- [TO DO]:
Lines from the one containing "Circle(F5_R)" through the final line of the records are the only ones to copy, and each must match exactly.

========

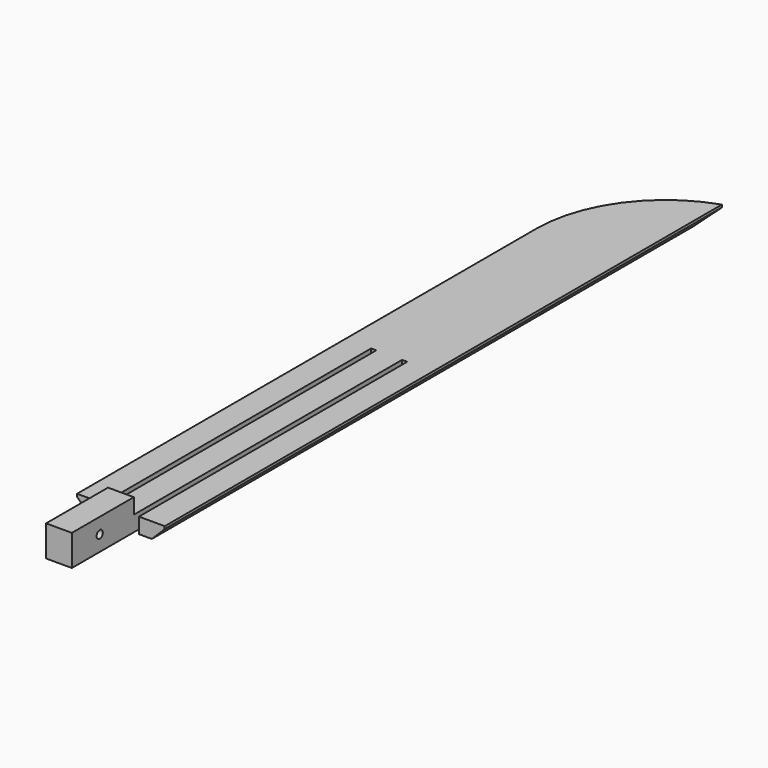
from build123d import *

# Parameters (mm, degrees)
F1_DEPTH    = 6
F2_T1_DEPTH = 242.8543856465
F3_W        = 10
F3_H        = 30
F4_DEPTH    = 6
F5_R        = 1.5
F6_DEPTH    = 10
F7_SIZE     = 5


# Not quite as in the source:
# - a fillet or chamfer that OpenCascade refuses, or shapes differently, is made with other operations: its cross-section is extruded or revolved along the edge and cut away or added


with BuildPart() as f1:
    # F0 (on Top) → F1 (new body)
    with BuildSketch(Plane.XY):
        Polygon((14.9102990106, 227.5062542017), (-19.0897009894, 227.5062542017), (-19.0897009894, -42.4937457983), (-9.0897009894, -42.4937457983), (-9.0897009894, 87.5062542017), (-7.0897009894, 87.5062542017), (-7.0897009894, -72.4937457983), (2.9102990106, -72.4937457983), (2.9102990106, 87.5062542017), (4.9102990106, 87.5062542017), (4.9102990106, -42.4937457983), (14.9102990106, -42.4937457983), align=None)
    extrude(amount=F1_DEPTH)

    # F2: fillet of radius 50 on 1 edges, made by hand

    # F2_s2 → F2_t1 (cut)
    with BuildSketch(Plane.XY.offset(-118.4271928233)):
        with BuildLine():
            ThreePointArc((14.9102990106, 227.5062542017), (-9.7098930126, 209.2901365467), (-19.0897009894, 180.1353770724))
            Line((-19.0897009894, 180.1353770724), (-19.0897009894, 227.5062542017))
            Line((-19.0897009894, 227.5062542017), (14.9102990106, 227.5062542017))
        make_face()
    extrude(amount=F2_T1_DEPTH, mode=Mode.SUBTRACT)

    # F3 (on face) → F4 (join)
    with BuildSketch(Plane.XY.offset(6)):
        with Locations((-2.0897009894, -57.4937457983)):
            Rectangle(F3_W, F3_H)
    extrude(amount=F4_DEPTH)

    # F5 (on face) → F6 (cut, through all)
    with BuildSketch(Plane(origin=(-7.0897009894, 0, 0), x_dir=(0, -1, 0), z_dir=(-1, 0, 0))):
        with Locations((59.0019002557, 6)):
            Circle(F5_R)
    extrude(amount=-F6_DEPTH, mode=Mode.SUBTRACT)

    # F7
    f7_edges = [f1.edges().sort_by_distance(p)[0] for p in [
        (14.910299, 92.506254, 0),
        (-19.089701, 68.820816, 0),
        (-9.709893, 209.290137, 0),
    ]]
    chamfer(f7_edges, length=F7_SIZE)


solid = f1.part

========

- [ANSWER FOR THE TASK]:
            Circle(F5_R)
    extrude(amount=-F6_DEPTH, mode=Mode.SUBTRACT)

    # F7
    f7_edges = [f1.edges().sort_by_distance(p)[0] for p in [
        (14.910299, 92.506254, 0),
        (-19.089701, 68.820816, 0),
        (-9.709893, 209.290137, 0),
    ]]
    chamfer(f7_edges, length=F7_SIZE)


solid = f1.part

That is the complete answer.